The drive in is spent in silence as he listens to people on the radio tell him what to think. I listen, and I know what they are saying is what Granny would call “codswallop,” but I don’t tell him that. He’s best when he’s not angry, and I want funnel cake.

As we pass by people—parking lot attendants, ticket takers, ushers—he lays on the charm.  Everyone is his friend. To the rest of the world he is a glowing beacon of charisma, a shining flame to their moth minds. To me he is the man who is always looking down.
I know the top of my father’s head like the back of my hand. If he’s not angrily replying to messages he’s studying news feeds for things to disagree with or laughing at things he won’t show me. His phone is his connection to the world, and with it in hand he is disconnected from me, right next to him, and I have to pee.
“What’s that?” he asks, dragged from his electronic world into reality by my squeaky pleas. He begrudgingly takes me back up the steps to the restroom, waiting outside the door and staring at his phone. When I’m done, we retake our seats. He got us good seats, right behind the home team’s dugout. He tells me they are good seats, and then he bows his head and disappears from everything again.
I don’t even like baseball. I only go because it’s the only time he will spend time with me. Even in this he fails, though, because what is meant to be a bonding exercise becomes something else entirely. Determined to get some benefit from the day I study the field, the players moving in syncopated rhythm with the antics of the ball. I see the effort they put into every movement. I see how much they want to be there on the field, and I find inspiration in it. Now I want to be there, even if my father does not.
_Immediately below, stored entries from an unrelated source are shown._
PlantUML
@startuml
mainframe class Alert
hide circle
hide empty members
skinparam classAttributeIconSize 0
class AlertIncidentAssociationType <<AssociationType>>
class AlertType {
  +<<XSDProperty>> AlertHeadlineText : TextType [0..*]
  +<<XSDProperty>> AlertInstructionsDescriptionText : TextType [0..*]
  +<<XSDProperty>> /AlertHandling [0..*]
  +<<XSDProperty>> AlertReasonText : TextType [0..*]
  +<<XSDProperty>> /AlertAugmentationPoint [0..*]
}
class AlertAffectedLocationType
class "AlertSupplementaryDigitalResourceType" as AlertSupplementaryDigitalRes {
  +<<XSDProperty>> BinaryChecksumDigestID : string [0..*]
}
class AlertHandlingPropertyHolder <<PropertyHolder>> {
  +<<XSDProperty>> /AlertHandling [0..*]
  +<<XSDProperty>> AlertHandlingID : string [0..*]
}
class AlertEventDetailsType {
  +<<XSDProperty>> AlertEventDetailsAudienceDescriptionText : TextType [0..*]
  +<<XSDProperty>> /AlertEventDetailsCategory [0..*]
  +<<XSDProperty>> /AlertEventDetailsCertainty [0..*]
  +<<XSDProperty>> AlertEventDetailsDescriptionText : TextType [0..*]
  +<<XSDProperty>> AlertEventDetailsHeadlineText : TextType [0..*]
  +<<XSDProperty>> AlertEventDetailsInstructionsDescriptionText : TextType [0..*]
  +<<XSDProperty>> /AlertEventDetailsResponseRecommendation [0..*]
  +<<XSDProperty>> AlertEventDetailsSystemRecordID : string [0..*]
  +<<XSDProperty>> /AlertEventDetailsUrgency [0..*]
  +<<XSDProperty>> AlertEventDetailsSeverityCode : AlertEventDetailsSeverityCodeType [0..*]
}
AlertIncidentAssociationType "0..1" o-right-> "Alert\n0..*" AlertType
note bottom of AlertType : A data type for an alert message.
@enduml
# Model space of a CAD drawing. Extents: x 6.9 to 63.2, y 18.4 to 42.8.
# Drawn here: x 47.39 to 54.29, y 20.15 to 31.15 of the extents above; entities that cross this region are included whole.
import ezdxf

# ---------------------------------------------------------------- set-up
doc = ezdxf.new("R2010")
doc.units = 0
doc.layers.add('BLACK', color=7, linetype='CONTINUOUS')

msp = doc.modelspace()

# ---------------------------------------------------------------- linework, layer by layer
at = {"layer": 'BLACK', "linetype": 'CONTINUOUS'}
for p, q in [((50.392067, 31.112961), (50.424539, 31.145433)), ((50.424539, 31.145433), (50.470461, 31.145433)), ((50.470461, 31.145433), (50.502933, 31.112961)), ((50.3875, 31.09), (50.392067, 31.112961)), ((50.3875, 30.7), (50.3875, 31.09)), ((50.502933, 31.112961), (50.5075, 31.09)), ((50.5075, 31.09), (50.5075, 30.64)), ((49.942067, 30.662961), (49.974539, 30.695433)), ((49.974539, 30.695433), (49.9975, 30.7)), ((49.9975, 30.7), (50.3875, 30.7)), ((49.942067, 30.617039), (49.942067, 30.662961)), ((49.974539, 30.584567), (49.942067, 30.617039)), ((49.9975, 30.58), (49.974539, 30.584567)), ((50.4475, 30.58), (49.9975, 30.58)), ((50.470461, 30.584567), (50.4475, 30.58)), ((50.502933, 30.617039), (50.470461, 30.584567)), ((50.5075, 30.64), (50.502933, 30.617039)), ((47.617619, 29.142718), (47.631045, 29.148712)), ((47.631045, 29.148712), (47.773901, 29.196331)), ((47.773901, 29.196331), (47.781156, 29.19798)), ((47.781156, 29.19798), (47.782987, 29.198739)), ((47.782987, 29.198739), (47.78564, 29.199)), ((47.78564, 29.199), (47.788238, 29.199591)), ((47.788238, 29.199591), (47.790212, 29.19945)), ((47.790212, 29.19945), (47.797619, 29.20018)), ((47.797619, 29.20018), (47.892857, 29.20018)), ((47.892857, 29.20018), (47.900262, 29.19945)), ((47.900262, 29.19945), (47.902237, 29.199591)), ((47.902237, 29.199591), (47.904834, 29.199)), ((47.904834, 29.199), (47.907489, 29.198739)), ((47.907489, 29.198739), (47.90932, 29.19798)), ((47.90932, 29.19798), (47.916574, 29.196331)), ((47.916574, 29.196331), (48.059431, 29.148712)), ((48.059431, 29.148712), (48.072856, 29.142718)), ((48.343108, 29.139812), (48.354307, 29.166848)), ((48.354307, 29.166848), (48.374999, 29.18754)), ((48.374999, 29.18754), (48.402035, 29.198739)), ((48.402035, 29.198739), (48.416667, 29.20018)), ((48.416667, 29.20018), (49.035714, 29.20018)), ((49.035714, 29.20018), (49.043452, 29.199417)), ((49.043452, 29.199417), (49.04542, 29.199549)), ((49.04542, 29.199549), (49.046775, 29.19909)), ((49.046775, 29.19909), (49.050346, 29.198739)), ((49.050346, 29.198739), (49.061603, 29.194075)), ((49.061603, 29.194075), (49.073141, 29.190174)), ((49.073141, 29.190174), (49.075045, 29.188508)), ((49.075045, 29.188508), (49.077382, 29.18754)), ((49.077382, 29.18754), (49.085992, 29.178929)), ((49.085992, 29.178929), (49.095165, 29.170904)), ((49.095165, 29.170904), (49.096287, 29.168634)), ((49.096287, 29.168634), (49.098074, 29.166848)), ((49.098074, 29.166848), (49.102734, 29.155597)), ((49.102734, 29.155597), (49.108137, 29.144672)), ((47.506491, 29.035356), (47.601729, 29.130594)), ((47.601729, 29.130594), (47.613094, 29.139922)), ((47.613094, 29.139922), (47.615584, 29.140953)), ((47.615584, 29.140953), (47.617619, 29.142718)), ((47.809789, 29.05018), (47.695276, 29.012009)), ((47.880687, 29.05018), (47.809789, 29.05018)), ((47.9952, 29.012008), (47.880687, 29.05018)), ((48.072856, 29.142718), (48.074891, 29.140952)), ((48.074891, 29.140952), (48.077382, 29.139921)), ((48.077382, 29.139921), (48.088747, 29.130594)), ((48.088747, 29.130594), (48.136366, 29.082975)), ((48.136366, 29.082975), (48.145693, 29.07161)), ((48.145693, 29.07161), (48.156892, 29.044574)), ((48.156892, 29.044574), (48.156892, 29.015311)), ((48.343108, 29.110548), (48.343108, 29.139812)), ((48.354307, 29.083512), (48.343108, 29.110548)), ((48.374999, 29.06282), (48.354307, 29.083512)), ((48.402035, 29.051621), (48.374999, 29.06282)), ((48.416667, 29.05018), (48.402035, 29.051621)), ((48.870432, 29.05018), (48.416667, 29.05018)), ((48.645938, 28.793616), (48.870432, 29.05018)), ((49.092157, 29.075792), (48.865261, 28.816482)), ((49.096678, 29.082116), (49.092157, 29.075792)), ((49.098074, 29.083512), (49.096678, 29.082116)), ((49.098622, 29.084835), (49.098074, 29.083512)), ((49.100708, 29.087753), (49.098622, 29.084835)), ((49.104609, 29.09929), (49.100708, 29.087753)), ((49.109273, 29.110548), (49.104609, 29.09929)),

“Can I have funnel cake?” I ask at the bottom of the fifth. I am hopeful. I have been good and not bothered him.
“It’s bad for your teeth. And you’ll ruin your dinner,” he answers, and then he is gone, again.
Disappointed, I return to the game. I feel the fever of the crowd, hoping for victory. I desperately want that victory. With each pitch I hold my breath. Every fly ball I watch, hoping they will drop it, or we will catch it. I am one of the team now, joining in their movements, shifting in my chair.
The game is almost over. My team is down by one. The other team is likely done, their chances of advancing further ruined by a captured pop fly. We are at bat. We can do this!
“Let’s go,” he says, “I want to get ahead of the traffic.”
How can he do this to me? Can’t he see that it’s all down to this? If we score two runs the day isn’t a loss after all. We can’t leave now! I have to see it!
He stands and gestures for me to stand with him. The crowd gasps and I feel like they are on my side, defiant of the man who wants to ruin the only good thing coming. The crowd points, and I look to where they are pointing.
My father, impatient to leave, looks up quickly to see what has caught my attention, so he can dismiss it. He chooses the absolute worst moment to look up.
A shower of blood rains down as the foul ball hits him square in the nose. I hear the sickening crunch of demolished cartilage and see him fall backwards clutching his face, his phone abandoned as his senses reel.
Then there are people all around us, scrambling to grab the ball. I reach down and pick up his phone, tucking it in my pocket so it doesn’t get crushed. The ball is found and the crowd disperses, leaving the two of us alone for a few seconds before the medics pull us away. My father is looking for his phone.
In the medical office I happily eat the funnel cake a nice man brought for me. My father complains, and I reach into my pocket to retrieve his phone, handing it to him and smiling to myself as I see the spiderweb of cracks that cross its cursed surface.